Back to the point- In your experience, what are the characteristic differences between a dog and bitch? As a pet, as a working dog: IPO, SAR, Mondio Ring, agility, obedience and the list can go on. 

Sent from Petguide.com Free App


----------



## KZoppa (Aug 14, 2010)

As a pet, my males have always been more needy and seeking I guess you could say confirmation they did well in something while my females have always been like "yeah, I know. I'm awesome. I'm gonna go lay over here and take my nap now but still keep an eye on you!" My males have been quicker to please (with the exception of my current female who will do whatever you ask her at the drop of a hat). 

I couldn't tell you what I've noticed to be differences in work because my dogs aren't working dogs.
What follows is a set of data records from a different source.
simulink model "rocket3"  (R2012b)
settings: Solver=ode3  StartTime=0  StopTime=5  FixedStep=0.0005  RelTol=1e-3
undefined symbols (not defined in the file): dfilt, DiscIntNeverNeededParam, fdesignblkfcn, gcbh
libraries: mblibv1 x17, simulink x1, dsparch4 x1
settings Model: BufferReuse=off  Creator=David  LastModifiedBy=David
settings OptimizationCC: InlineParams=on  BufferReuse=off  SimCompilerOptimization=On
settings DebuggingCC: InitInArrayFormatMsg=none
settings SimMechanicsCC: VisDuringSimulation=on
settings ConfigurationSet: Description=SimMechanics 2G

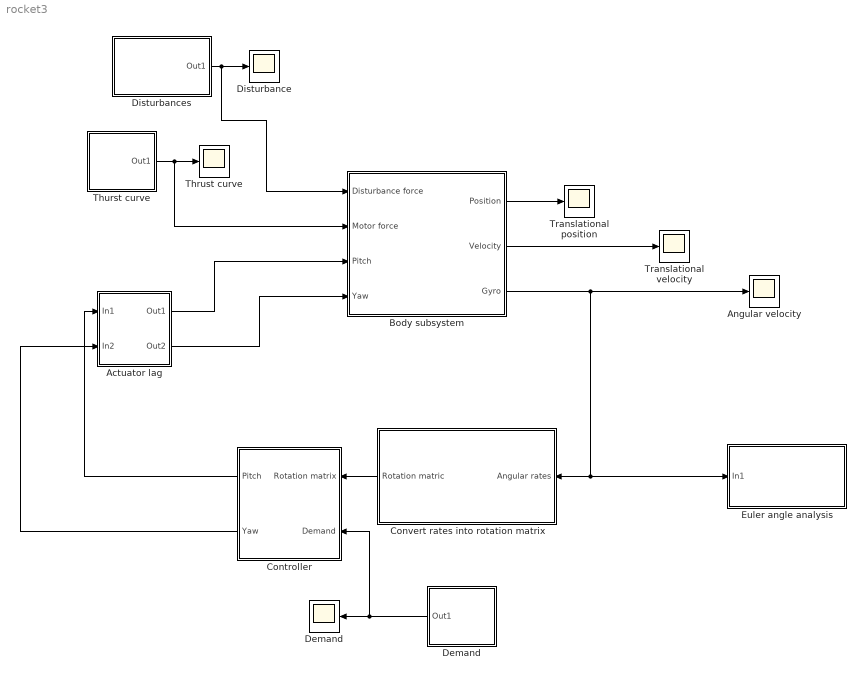
== system rocket3 ==
  Actuator lag : Subsystem
  Angular velocity : Scope
      settings: ShowLegends=on  YMin=-2.5  YMax=0  SaveName=ScopeData2
  Body subsystem : Subsystem
  "Controller " : Subsystem
  Convert rates into rotation matrix : Subsystem
  Demand : Subsystem
  "Demand " : Scope
      settings: YMin=-0.1  YMax=0.09  SaveName=ScopeData8  SampleTime=5
  Disturbance : Scope
      settings: YMin=-0.1  YMax=0.09  SaveName=ScopeData10  SampleTime=5
  Disturbances : Subsystem
  Euler angle analysis : Subsystem
  Thrust curve : Scope
      settings: YMin=-0.1  YMax=0.09  SaveName=ScopeData7
  "Thurst curve " : Subsystem
  Translational position : Scope
      settings: ShowLegends=on
  Translational velocity : Scope
  wires:
  Body subsystem/1(Position) -> Translational position/1
  Body subsystem/2(Velocity) -> Translational velocity/1
  Body subsystem/3(Gyro) -> Angular velocity/1, Euler angle analysis/1(In1), Convert rates into rotation matrix/1(Angular rates)
  Disturbances/1(Out1) -> Body subsystem/1(Disturbance force), Disturbance/1
  "Thurst curve "/1(Out1) -> Body subsystem/2(Motor force), Thrust curve/1
  Convert rates into rotation matrix/1(Rotation matric) -> "Controller "/1(Rotation matrix)
  Demand/1(Out1) -> "Demand "/1, "Controller "/2(Demand)
  "Controller "/1(Pitch) -> Actuator lag/1(In1)
  "Controller "/2(Yaw) -> Actuator lag/2(In2)
  Actuator lag/1(Out1) -> Body subsystem/3(Pitch)
  Actuator lag/2(Out2) -> Body subsystem/4(Yaw)

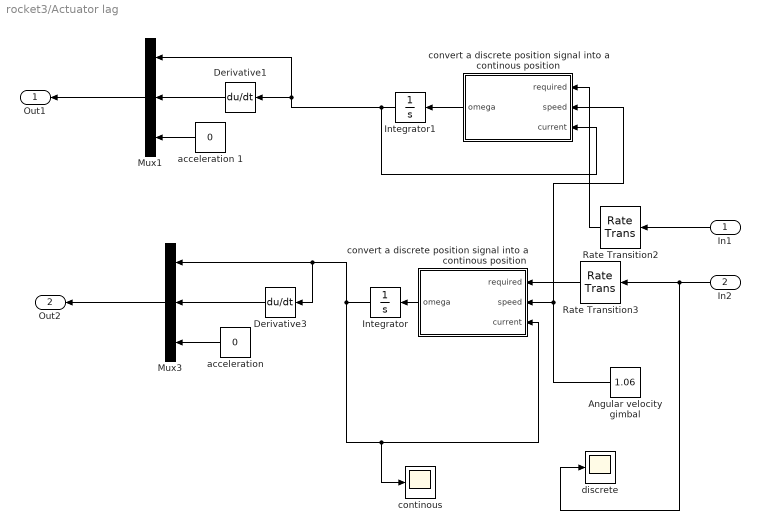
== system rocket3/Actuator lag ==
  In1 : Inport
  In2 : Inport  Port=2
  "Angular velocity gimbal " : Constant  Value=1.06
  Derivative1 : Derivative
  Derivative3 : Derivative
  Integrator : Integrator
  Integrator1 : Integrator
  Mux1 : Mux  Inputs=3
  Mux3 : Mux  Inputs=3
  Rate Transition2 : RateTransition  Deterministic=off  OutPortSampleTimeOpt=Inherit  OutPortSampleTime=0.01
  Rate Transition3 : RateTransition  Deterministic=off  OutPortSampleTimeOpt=Inherit  OutPortSampleTime=0.01
  "acceleration " : Constant  Value=0
  acceleration 1 : Constant  Value=0
  continous : Scope
      settings: TimeRange=5  YMin=-0.06  YMax=0.06  SaveName=ScopeData5
  convert a discrete position signal into a continous position : MATLAB Function  TreatAsAtomicUnit=on
  "convert a discrete position signal into a continous position " : MATLAB Function  TreatAsAtomicUnit=on
  discrete : Scope
      settings: YMin=0.0562129  YMax=0.056213  SaveName=ScopeData4
  Out1 : Outport
  Out2 : Outport  Port=2
  wires:
  In2/1 -> discrete/1, Rate Transition3/1
  In1/1 -> Rate Transition2/1
  "Angular velocity gimbal "/1 -> "convert a discrete position signal into a continous position "/2(speed), convert a discrete position signal into a continous position/2(speed)
  "convert a discrete position signal into a continous position "/1(omega) -> Integrator/1
  Rate Transition3/1 -> "convert a discrete position signal into a continous position "/1(required)
  convert a discrete position signal into a continous position/1(omega) -> Integrator1/1
  Rate Transition2/1 -> convert a discrete position signal into a continous position/1(required)
  Mux3/1 -> Out2/1
  Derivative3/1 -> Mux3/2
  "acceleration "/1 -> Mux3/3
  Integrator/1 -> continous/1, "convert a discrete position signal into a continous position "/3(current), Derivative3/1, Mux3/1
  Mux1/1 -> Out1/1
  Derivative1/1 -> Mux1/2
  acceleration 1/1 -> Mux1/3
  Integrator1/1 -> Mux1/1, Derivative1/1, convert a discrete position signal into a continous position/3(current)

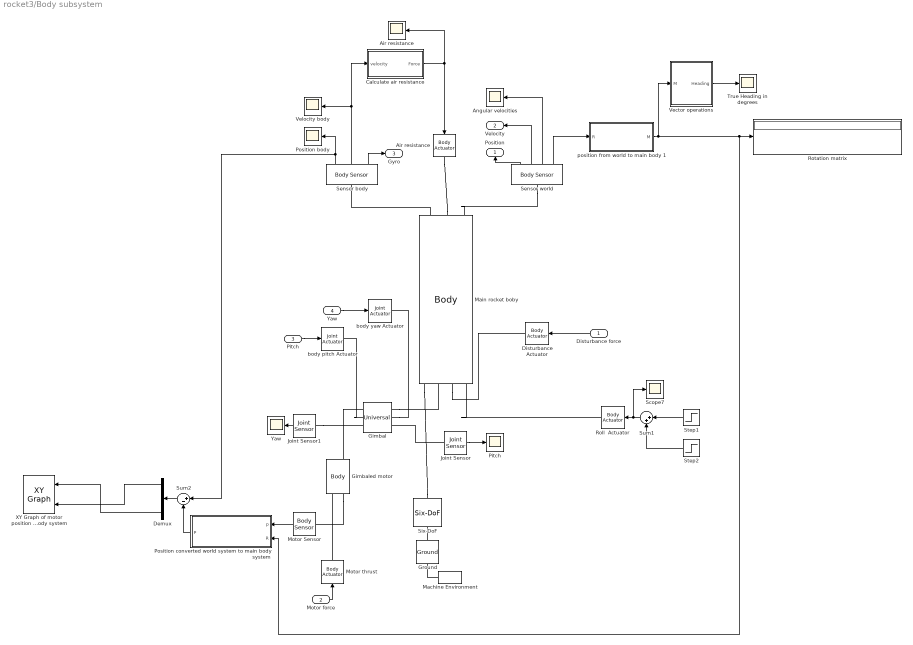
== system rocket3/Body subsystem ==
  Disturbance force : Inport
  Motor force : Inport  Port=2
  Pitch : Inport  Port=3
  Yaw : Inport  Port=4
  Air resistance : mblibv1/Sensors &  Actuators/Body Actuator  UpdateFromCAD=off  PhysicalDomain=Mechanical  PortType=blob  ActuationStyle=Force  AngleUnits=deg  ArcVelocityUnits=deg/s  ArcAccelerationUnits=deg/s^2  CoordPositionUnits=m  VelocityUnits=m/s  AccelerationUnits=m/s^2  ForceUnits=N  TorqueUnits=N*m  ActiveIO=on  Width=3  DialogClass=MechanicalActuatorBlock  ReferenceFrame=Local (Body CS)  Angle=off  CoordPosition=on  Force=on  Torque=off
  "Air resistance " : Scope
      settings: ShowLegends=on  YMin=0  YMax=375  SaveName=ScopeData11
  Angular velocities : Scope
      settings: YMin=0  YMax=375  SaveName=ScopeData20
  Calculate air resistance : MATLAB Function  TreatAsAtomicUnit=on
  Demux : Demux  Outputs=3
  Disturbance Actuator : mblibv1/Sensors &  Actuators/Body Actuator  UpdateFromCAD=off  PhysicalDomain=Mechanical  PortType=blob  ActuationStyle=Force  AngleUnits=deg  ArcVelocityUnits=deg/s  ArcAccelerationUnits=deg/s^2  CoordPositionUnits=m  VelocityUnits=m/s  AccelerationUnits=m/s^2  ForceUnits=N  TorqueUnits=N*m  ActiveIO=on  Width=3  DialogClass=MechanicalActuatorBlock  ReferenceFrame=Local (Body CS)  Angle=off  CoordPosition=on  Force=off  Torque=on
  Gimbal : mblibv1/Joints/Universal  LConnTagsString=__newl0|SA1|SA2  RConnTagsString=__newr0|SA1|SA2  UpdateFromCAD=off  NumSAPorts=4  CutJoint=off  MarkAsCut=off  Primitives=prismatic  PrimitiveProps=R1$Base$[1 0 0]$revolute#R2$Base$[0 0 1]$revolute  DialogClass=JointBlock  R1Axis=[1 0 0]  R2Axis=[0 0 1]
  Gimbaled motor : mblibv1/Bodies/Body  LConnTagsString=CS1|CS2  RConnTagsString=CG|CS3  UpdateFromCAD=off  DialogClass=MechanicalBodyBlock  Mass=0.150  MassUnits=kg  InertiaUnits=g*cm^2  Inertia=[4360 -2 0; -2 194 -11; 0 -11 4363]  Shape=Cylinder  ShapeDims=[1 1]  ShapeUnits=m  ShapeUse=false  Density=1  DensityUnits=kg/m^3  DensityUse=false  GraphicsMode=MACHINE_DEFAULT  BodyColorSelMode=MACHINE_DEFAULT  BodyColor=[1 0 0]  AttachedToCS=CG  CG=Right$CG$[0 -7.4 0]$CS3$CS3$cm$[0 0 0]$Euler X-Y-Z$deg$CS3$true$none  WorkingFrames=Left$CS1$[0 -17 0]$CS3$CS3$cm$[0 0 0]$Euler X-Y-Z$deg$CS3$true$none#Left$CS2$[0 -17 0]$CS3$CS3$cm$[0 0 0]$Euler X-Y-Z$deg$CS3$true$none#Right$CS3$[0 0 0]$Adjoining$Adjoining$cm$[0 0 0]$Euler X-Y-Z$deg$Adjoining$true$none  CGPos=[0 -7.4 0]  CGRot=[0 0 0]  CS0Pos=[]  CS0Rot=[]  CS1Pos=[0 -17 0]  CS1Rot=[0 0 0]  CS2Pos=[0 -17 0]  CS2Rot=[0 0 0]  CS3Pos=[0 0 0]  CS3Rot=[0 0 0]  CS4Pos=[]  CS4Rot=[]  CS5Pos=[]  CS5Rot=[]  CS6Pos=[]  CS6Rot=[]  CS7Pos=[]  CS7Rot=[]  CS8Pos=[]  CS8Rot=[]  CS9Pos=[]  CS9Rot=[]  CS10Pos=[]  CS10Rot=[]  CS11Pos=[]  CS11Rot=[]  CS12Pos=[]  CS12Rot=[]  CS13Pos=[]  CS13Rot=[]  CS14Pos=[]  CS14Rot=[]  CS15Pos=[]  CS15Rot=[]  CS16Pos=[]  CS16Rot=[]  CS17Pos=[]  CS17Rot=[]  CS18Pos=[]  CS18Rot=[]  CS19Pos=[]  CS19Rot=[]  CS20Pos=[]  CS20Rot=[]
  Ground : mblibv1/Bodies/Ground  UpdateFromCAD=off  LeftPortType=env  RightPortType=workingframe  PhysicalDomain=Mechanical  DialogClass=GroundBlock  CoordPosition=[0 0 0]  CoordPositionUnits=m  StateVectorMgrId=-1  MachineId=[0 0]  ShowEnvPort=on
  Joint Sensor : mblibv1/Sensors &  Actuators/Joint Sensor  UpdateFromCAD=off  PhysicalDomain=Mechanical  PortType=blob  Muxed=on  Pose=off  Angle=on  AngleUnits=deg  ArcVelocity=off  ArcVelocityUnits=deg/s  ArcAcceleration=off  ArcAccelerationUnits=deg/s^2  CoordPosition=on  CoordPositionUnits=m  Velocity=off  VelocityUnits=m/s  Acceleration=off  AccelerationUnits=m/s^2  Quaternion=on  QuaternionDT=off  QuaternionDDT=off  QuaternionUnits=off  OutputVector=[1]  ActiveIO=on  Width=1  DialogClass=MechanicalSensorBlock  Primitive=R1  Force=off  ForceUnits=N  Torque=off  TorqueUnits=N*m  ReferenceFrame=Absolute (World)  ReactionSensedSide=Base  ReactionReferenceFrame=Local (Body CS)  ReactionForce=off  ReactionForceUnits=N  ReactionMoment=off  ReactionMomentUnits=N*m
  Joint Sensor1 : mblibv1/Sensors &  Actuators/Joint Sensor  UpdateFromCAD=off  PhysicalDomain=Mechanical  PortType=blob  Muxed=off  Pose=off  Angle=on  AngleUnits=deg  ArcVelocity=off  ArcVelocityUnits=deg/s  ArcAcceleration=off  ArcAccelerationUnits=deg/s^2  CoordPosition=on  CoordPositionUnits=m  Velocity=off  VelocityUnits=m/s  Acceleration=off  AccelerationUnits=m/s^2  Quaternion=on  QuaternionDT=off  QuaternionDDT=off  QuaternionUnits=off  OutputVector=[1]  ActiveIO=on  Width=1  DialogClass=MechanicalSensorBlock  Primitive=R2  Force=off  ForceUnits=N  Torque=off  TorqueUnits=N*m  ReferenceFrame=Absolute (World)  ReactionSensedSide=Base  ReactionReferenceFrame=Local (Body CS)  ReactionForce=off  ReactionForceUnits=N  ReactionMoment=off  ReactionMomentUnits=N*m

They're active pets.


----------



## MichaelE (Dec 15, 2012)

Lisl is a little more 'pushy' than Ossie or Bear was. Not as pushy as Anna though. Molly was a very mellow GSD.

Lisl is also not as hard or stubborn as Anna, but harder than Ossie.

Lisl shows more confidence and intelligence than any of my past GSD's.

Overall, I would say the females are "me, me, me" _at times_. The males are, "OK what can I do for YOU now?"


----------



## Daisy&Lucky's Mom (Apr 24, 2011)

I have had one female GSD and one male and recently adopted 2 older GSD girls. The girls at least mine have been more I wanna please you but I want to do what I want to do.. Lucky is laid back ball crazy and kind of a goof. He not as mentally quick as my girl Daisy or even Chevy and Thunder. He is easier to live with though. Lucky is happiest when he can check in get a hug and then he naps walks ,buries his bone or tosses his toy in the air.Daisy was somewhat the same but she left a path of destruction during her prolonged puppyhood. Over all I love both girl and boy GSDs. I feel Lucky bonds best w/ females while Daisy preferred males.


----------



## GSD5150 (Apr 16, 2013)

I've heard from people that females are usually a little more willing but can hold a grudge if you get them mad. I love how most males forgive and forget after food or play time. Guess its luck of the draw 

Sent from Petguide.com Free App


----------



## GatorDog (Aug 17, 2011)

GSD5150 said:


> I've heard from people that females are usually a little more willing but can hold a grudge if you get them mad. I love how most males forgive and forget after food or play time. Guess its luck of the draw
> 
> Sent from Petguide.com Free App


I have found the opposite with mine right now. My male is genuinely upset when he knows that he did something wrong and is very sensitive to me as his handler, while my female just wants to do anything for me all the time and will keep going until she gets it right, and she couldnt really care less if I got mad at her or not. Could be the difference in the lines and the dogs.


Sent from Petguide.com Free App


----------



## pets4life (Feb 22, 2011)

From what I have seen females might hold a grudge and be less goofy more serious but they seem to be less dominant towards their handler. Like less likely to run into dominance issues, they seem to want to work with their handler. I have seen a few really dominant males. My old male was more pushy than my female. He seemed more interested in being the leader than her. While she is very interested in working with me to figure out problems and working together. Not that she was born like that she can still be a pushy bitch but just my personal experience.


Male was better with other dogs and would not fight/bite for real but my female is better with other animals I bring in. Female is safer around pups and other baby animals.


----------



## GSD5150 (Apr 16, 2013)

pets4life said:


> From what I have seen females might hold a grudge and be less goofy more serious but they seem to be less dominant towards their handler. Like less likely to run into dominance issues, they seem to want to work with their handler. I have seen a few really dominant males. My old male was more pushy than my female. He seemed more interested in being the leader than her. While she is very interested in working with me to figure out problems and working together. Not that she was born like that she can still be a pushy bitch but just my personal experience.
> 
> 
> Male was better with other dogs and would not fight/bite for real but my female is better with other animals I bring in. Female is safer around pups and other baby animals.



Thanks! I have been going back and fourth on getting a female or sticking with my boys. It's such a tough decision, for me at least. I am trying to remain open minded and will be happy with whatever my breeder gives me as long as it has the drives and temperament I am looking for 

Sent from Petguide.com Free App


----------